BEM keine formelle Voraussetzung für wirksame Versetzung

BAG sieht die Durchführung eines betrieblichen Eingliederungsmanagements nicht als formelle Voraussetzung für die Wirksamkeit einer Versetzung an, auch wenn hierfür Gründe im Zusammenhang mit dem Gesundheitszustand des Arbeitnehmers maßgeblich sind. (Aufhebung des Urteils vom LAG Baden-Württemberg vom 22.11.2016)

BEM keine formelle Voraussetzung für wirksame Versetzung
BEM keine formelle Voraussetzung für wirksame Versetzung

26.10.2017 | Arbeitsrecht

Inhalt

Das Unterlassen des betrieblichen Eingliederungsmanagements (BEM) nach § 84 Abs. 2 SGB IX als kooperativer Suchprozess zur Beschäftigungsstabilisierung führt bekanntermaßen für den Arbeitgeber im Rahmen eines Kündigungsrechtsstreit zu Rechtsnachteilen in Form einer verschärften Darlegungs- und Beweislast. Kürzlich hatte das LAG Baden-Württemberg in seinem Urteil vom 22.11.2016, 15 Sa 76/15 entschieden, dass ein unterlassenes BEM auch zur Unwirksamkeit einer Versetzung führt, da dann die Ausübung des hierauf gerichteten Direktionsrechts schon nicht billigem Ermessen entspricht. Das BAG hat mit seiner aktuellen Entscheidung vom 18. Oktober 2017, 10 AZR 47/17, diese Rechtsprechung aufgehoben und festgestellt, dass die Durchführung des BEM keine formelle Voraussetzung für die Wirksamkeit einer Versetzung ist, selbst wenn der Versetzung Gründe im Zusammenhang mit dem Gesundheitszustand des Arbeitnehmers zugrunde liegen.

Sachverhalt

Der Kläger klagte auf Beschäftigung als Maschinenbediener in der Nachtschicht, nachdem ihn sein Arbeitgeber nach längerer Arbeitsunfähigkeit aus gesundheitlichen Gründen in die Wechselschicht umgesetzt hatte. Der Umsetzung war ein Krankenrückkehrgespräch vorausgegangen, das allerdings unstreitig nicht als betriebliches Eingliederungsmanagement ausgestaltet war.

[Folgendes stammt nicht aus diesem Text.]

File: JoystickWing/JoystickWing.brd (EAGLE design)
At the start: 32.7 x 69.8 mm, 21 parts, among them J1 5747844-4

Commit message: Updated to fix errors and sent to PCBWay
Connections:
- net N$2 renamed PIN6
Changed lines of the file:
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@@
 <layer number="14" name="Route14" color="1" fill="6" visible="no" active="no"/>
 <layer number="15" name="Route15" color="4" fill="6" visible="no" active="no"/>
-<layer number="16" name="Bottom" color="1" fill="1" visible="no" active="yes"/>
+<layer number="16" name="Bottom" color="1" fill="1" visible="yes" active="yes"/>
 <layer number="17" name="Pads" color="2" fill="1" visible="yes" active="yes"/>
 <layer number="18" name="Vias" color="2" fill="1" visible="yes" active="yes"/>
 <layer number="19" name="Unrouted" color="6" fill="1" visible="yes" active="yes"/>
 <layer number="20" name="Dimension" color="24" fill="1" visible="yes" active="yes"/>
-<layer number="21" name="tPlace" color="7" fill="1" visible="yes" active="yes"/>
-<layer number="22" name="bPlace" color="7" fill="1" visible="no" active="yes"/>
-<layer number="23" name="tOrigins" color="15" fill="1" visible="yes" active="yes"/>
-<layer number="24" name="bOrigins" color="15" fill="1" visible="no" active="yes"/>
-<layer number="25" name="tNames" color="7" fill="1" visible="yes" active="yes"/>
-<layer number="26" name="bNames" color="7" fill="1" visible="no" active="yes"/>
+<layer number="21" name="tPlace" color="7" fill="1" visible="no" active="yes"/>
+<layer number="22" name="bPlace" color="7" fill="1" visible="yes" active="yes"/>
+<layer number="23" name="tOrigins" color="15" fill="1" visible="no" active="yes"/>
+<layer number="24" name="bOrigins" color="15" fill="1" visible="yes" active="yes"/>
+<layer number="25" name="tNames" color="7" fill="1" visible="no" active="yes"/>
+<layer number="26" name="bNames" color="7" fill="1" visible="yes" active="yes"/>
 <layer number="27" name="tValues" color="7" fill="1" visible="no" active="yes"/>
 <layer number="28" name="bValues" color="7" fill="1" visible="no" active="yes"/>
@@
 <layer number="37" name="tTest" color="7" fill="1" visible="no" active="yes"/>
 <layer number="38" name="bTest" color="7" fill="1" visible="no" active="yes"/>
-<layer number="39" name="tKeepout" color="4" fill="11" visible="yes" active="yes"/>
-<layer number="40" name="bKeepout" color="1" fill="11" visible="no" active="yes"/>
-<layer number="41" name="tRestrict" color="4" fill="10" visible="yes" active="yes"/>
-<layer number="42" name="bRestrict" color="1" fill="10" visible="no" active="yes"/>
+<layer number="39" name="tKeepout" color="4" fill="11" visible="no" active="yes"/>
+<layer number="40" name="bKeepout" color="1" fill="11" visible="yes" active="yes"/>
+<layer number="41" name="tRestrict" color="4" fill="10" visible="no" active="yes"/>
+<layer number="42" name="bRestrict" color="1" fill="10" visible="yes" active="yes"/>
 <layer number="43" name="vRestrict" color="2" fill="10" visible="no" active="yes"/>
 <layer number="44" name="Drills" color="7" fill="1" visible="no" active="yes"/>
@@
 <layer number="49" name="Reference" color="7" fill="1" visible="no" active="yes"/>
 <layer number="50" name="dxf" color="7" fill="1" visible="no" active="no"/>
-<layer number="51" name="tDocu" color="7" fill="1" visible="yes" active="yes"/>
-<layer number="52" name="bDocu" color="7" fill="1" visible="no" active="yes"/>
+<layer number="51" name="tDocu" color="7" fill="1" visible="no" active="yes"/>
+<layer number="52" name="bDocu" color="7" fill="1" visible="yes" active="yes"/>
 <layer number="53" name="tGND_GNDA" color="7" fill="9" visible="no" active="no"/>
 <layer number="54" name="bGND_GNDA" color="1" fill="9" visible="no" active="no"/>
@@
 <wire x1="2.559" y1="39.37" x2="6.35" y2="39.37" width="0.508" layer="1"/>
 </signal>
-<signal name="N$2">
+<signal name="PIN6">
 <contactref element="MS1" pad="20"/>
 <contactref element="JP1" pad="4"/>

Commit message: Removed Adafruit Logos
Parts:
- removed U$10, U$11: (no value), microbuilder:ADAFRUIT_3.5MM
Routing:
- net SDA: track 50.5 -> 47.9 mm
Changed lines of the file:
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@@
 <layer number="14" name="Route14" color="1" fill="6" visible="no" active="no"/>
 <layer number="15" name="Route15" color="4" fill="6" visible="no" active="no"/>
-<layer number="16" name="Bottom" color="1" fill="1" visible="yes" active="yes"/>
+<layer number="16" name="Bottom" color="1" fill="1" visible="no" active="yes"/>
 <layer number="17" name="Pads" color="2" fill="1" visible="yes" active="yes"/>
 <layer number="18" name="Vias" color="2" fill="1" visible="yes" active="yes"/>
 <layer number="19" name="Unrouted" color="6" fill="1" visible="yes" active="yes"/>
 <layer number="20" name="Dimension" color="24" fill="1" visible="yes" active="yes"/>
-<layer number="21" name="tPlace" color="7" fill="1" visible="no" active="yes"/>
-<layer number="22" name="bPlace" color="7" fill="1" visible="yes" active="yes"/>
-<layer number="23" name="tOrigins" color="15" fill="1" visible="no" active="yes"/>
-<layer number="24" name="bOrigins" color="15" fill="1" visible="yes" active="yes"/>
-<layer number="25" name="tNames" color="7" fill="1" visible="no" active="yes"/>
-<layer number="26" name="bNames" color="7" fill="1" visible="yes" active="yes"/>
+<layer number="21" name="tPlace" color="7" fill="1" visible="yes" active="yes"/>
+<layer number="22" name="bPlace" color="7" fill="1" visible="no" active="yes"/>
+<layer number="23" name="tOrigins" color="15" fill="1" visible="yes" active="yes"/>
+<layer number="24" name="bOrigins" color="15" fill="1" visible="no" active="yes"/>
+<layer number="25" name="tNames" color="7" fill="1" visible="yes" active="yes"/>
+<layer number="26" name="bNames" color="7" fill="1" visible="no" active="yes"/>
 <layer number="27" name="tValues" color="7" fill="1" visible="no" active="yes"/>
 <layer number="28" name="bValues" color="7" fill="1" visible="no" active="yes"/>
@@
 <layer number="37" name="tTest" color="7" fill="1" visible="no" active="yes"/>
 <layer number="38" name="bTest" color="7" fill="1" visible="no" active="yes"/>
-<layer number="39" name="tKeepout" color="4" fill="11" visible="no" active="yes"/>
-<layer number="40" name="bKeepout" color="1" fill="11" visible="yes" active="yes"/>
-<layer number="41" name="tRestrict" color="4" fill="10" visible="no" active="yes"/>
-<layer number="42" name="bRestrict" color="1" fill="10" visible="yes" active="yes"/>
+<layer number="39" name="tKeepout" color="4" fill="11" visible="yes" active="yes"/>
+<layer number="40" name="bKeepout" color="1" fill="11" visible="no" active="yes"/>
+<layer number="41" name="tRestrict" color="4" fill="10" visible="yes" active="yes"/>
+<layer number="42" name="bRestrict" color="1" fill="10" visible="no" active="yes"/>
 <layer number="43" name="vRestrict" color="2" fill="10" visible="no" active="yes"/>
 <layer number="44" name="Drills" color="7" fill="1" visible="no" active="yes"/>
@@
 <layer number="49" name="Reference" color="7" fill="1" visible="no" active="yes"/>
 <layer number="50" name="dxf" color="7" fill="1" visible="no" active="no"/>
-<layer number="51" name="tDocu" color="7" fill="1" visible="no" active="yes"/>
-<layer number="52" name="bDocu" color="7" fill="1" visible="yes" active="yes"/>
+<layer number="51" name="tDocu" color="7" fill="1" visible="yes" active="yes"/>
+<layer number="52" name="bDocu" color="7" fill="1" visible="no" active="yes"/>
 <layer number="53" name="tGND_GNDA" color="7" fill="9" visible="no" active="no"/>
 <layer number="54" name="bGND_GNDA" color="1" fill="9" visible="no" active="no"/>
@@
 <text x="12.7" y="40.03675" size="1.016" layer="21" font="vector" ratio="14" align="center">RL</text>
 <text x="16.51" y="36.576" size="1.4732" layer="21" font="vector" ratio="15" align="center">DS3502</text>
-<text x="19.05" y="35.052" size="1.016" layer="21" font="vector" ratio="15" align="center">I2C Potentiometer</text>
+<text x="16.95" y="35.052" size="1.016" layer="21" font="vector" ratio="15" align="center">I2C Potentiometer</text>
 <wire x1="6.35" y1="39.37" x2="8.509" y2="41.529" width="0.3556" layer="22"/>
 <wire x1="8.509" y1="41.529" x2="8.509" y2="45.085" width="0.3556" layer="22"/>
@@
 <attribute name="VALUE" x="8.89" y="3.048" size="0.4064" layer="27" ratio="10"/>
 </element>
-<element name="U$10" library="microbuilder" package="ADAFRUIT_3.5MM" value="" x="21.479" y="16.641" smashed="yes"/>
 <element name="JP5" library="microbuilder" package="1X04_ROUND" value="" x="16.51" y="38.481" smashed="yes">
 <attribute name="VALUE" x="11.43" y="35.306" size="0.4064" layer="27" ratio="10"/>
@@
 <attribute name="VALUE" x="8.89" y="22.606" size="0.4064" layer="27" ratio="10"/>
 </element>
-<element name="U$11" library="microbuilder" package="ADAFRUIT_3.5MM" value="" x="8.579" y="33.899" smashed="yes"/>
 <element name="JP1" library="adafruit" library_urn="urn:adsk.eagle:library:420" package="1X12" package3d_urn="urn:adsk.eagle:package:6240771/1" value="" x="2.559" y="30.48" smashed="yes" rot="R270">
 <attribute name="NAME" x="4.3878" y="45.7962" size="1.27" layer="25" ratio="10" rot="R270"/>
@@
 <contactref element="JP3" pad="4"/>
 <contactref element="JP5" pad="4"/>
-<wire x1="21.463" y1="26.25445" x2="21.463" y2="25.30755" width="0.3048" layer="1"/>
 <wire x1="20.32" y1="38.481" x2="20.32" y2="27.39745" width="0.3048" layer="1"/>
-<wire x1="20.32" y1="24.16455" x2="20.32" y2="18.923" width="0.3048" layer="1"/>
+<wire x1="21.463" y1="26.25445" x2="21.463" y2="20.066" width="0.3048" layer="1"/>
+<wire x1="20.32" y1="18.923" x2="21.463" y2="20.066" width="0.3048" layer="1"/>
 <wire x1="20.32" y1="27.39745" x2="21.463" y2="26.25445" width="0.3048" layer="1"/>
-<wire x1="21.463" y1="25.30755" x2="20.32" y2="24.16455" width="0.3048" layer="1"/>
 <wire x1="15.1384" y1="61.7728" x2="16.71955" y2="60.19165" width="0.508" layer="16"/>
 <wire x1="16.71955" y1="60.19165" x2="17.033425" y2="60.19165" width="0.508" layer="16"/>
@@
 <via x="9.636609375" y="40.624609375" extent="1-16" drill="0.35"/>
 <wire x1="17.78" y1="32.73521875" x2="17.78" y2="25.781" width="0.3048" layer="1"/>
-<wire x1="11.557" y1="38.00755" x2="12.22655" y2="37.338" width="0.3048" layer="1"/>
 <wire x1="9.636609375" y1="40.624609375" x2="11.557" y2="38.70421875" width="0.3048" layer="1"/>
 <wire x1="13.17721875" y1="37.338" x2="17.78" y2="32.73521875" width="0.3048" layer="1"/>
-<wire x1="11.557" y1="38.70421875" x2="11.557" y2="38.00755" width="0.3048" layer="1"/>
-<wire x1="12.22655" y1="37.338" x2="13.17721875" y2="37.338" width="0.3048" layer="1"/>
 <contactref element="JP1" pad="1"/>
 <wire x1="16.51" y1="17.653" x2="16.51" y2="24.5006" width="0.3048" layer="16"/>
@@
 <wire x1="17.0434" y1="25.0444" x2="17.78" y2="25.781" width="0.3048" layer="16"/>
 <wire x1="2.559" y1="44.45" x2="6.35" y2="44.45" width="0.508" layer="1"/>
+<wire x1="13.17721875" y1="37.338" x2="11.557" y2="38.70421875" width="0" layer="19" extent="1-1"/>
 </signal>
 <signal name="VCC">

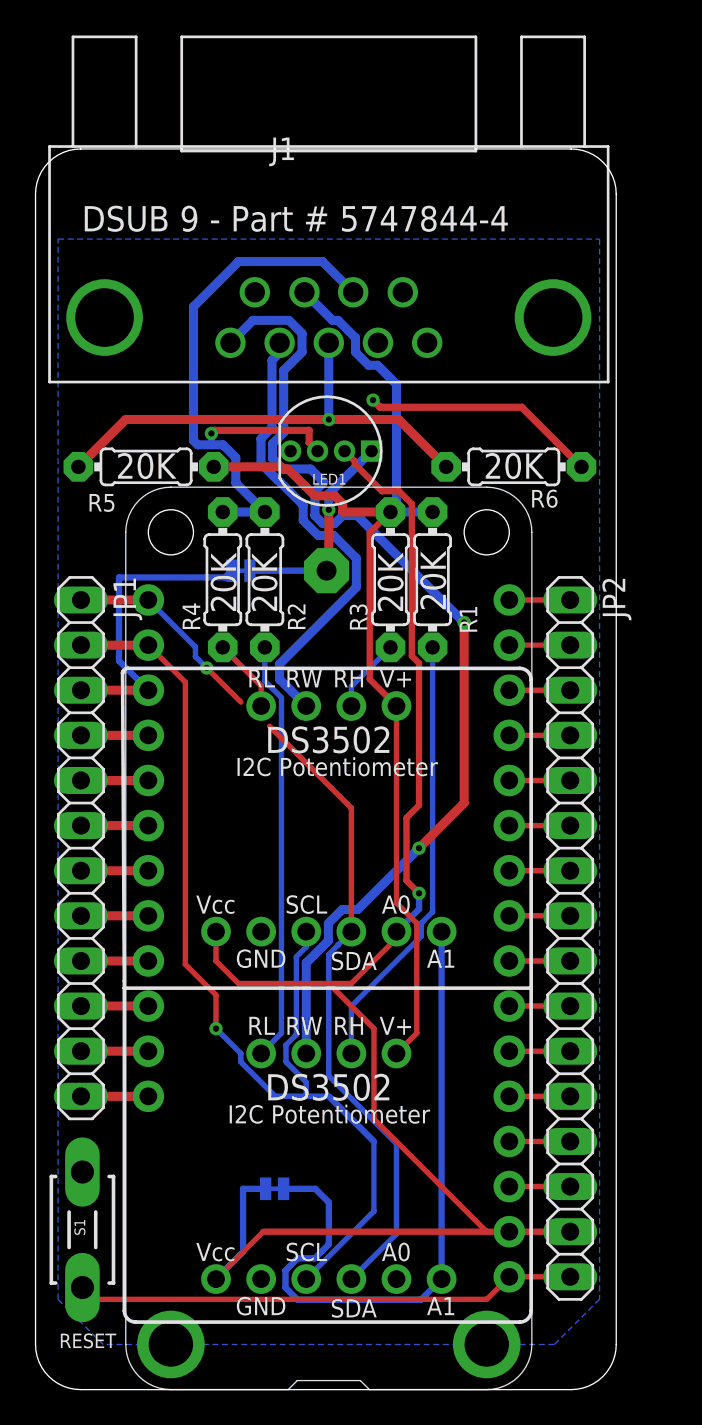
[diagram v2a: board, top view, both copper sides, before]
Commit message: Removed bad V+ connection and cleaned up
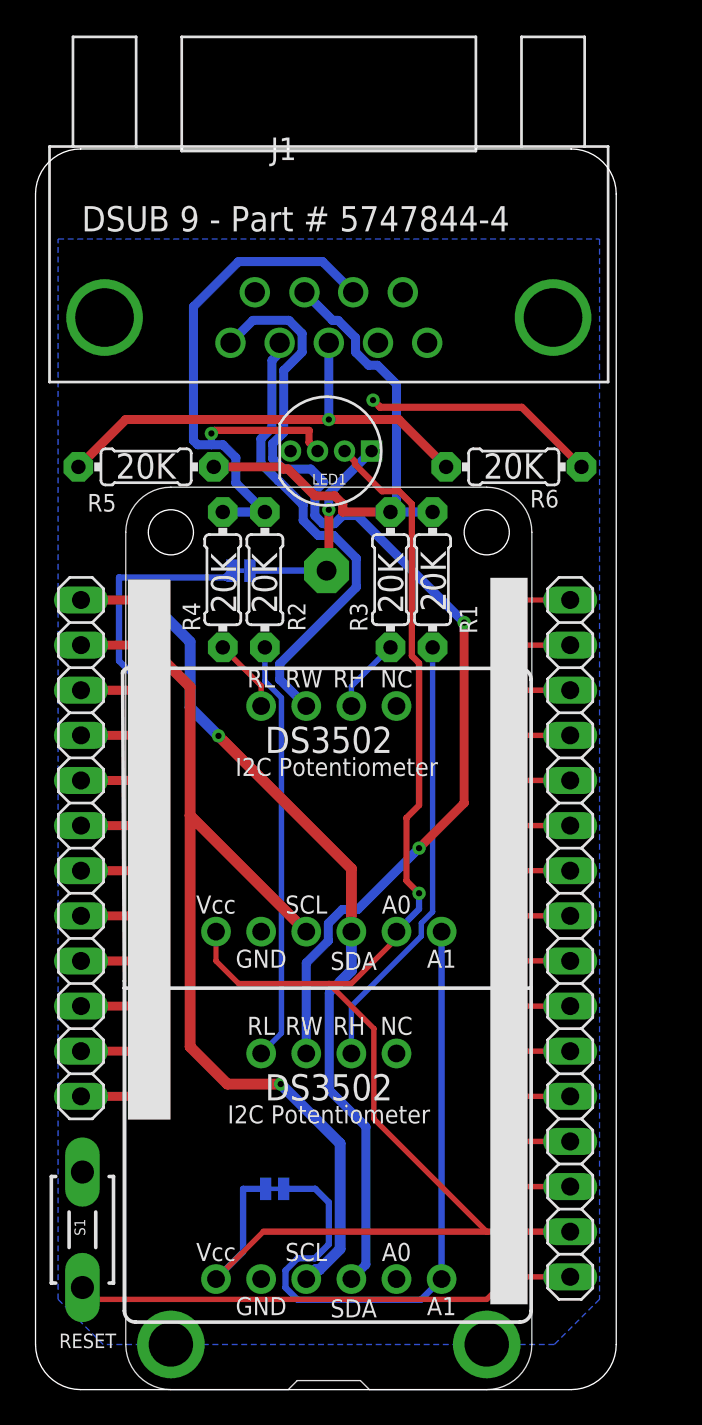
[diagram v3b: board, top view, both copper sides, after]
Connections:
- net +12V: no longer JP3.4, JP5.4
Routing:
- net +12V: track 61.3 -> 28.8 mm
- net SCL: track 58.3 -> 55.9 mm
- net SDA: track 47.9 -> 48.5 mm
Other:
- board text added: "NC"
- board text removed: "V+"

Das Arbeitsgericht Pforzheim hatte die Klage abgewiesen, da die Umsetzung in Wechselschicht arbeitsvertraglich möglich sei und billigem Ermessen entspricht. Das LAG Baden-Württemberg hat der Beschäftigungsklage stattgegeben, da die Beklagte bei Ausübung des Weisungsrechts die Grenzen billigen Ermessens überschritten hat. Die Beklagte konnte sich wegen des unterlassenen BEM, das gesetzlich genau für solche Fälle vorgesehen sei, schon nicht auf ihr betriebliches Interesse, mit der Umsetzung zu klären, ob sich in der Wechselschicht der Gesundheitszustand des Klägers bessert, im Rahmen der umfassend vorzunehmenden Interessensabwägung berufen. Die Versetzung entsprach daher schon deswegen nicht billigem Ermessen.

Das BAG hat diese Entscheidung des LAG aufgehoben, da es die Durchführung des BEM nicht als formelle Wirksamkeitsvoraussetzung für eine Versetzung ansieht, die im Zusammenhang mit dem Gesundheitszustand des Arbeitnehmers erfolgt. Die bloße Nichtdurchführung des BEM lässt die Versetzung nicht unwirksam werden. Maßgeblich ist nach Ansicht des BAG vielmehr, ob die Weisung des Arbeitgebers insgesamt billigem Ermessen im Sinne von § 106 S. 1 GewO entspricht. Dabei sind alle Umstände des Einzelfalls zu berücksichtigen. Wegen Fehlens hinreichender Feststellungen hierzu durch das LAG war dem BAG eine abschließende Entscheidung nicht möglich. Die Sache wurde an das LAG zurückverwiesen.

Praxistipp

Auch wenn das BAG im Hinblick auf ein Unterlassen des BEM bei Versetzung sozusagen „Entwarnung“ gibt und weiterhin auf die umfassende Interessensabwägung im Einzelfall für die Beurteilung der Billigkeit der Ermessensentscheidung abstellt, so ist man als Arbeitgeber dennoch gut beraten, bei Vorliegen der Voraussetzungen des BEM ein solches dem Arbeitnehmer zumindest anzubieten und ggf. auch durchzuführen. Die Durchführung des BEM mag nach neuester BAG Rechtsprechung keine formelle Voraussetzung für die Wirksamkeit der Versetzung sein, - was sie genau genommen nicht einmal bei der personenbedingten Kündigung ist -, gewinnt aber trotzdem zunehmend an Bedeutung.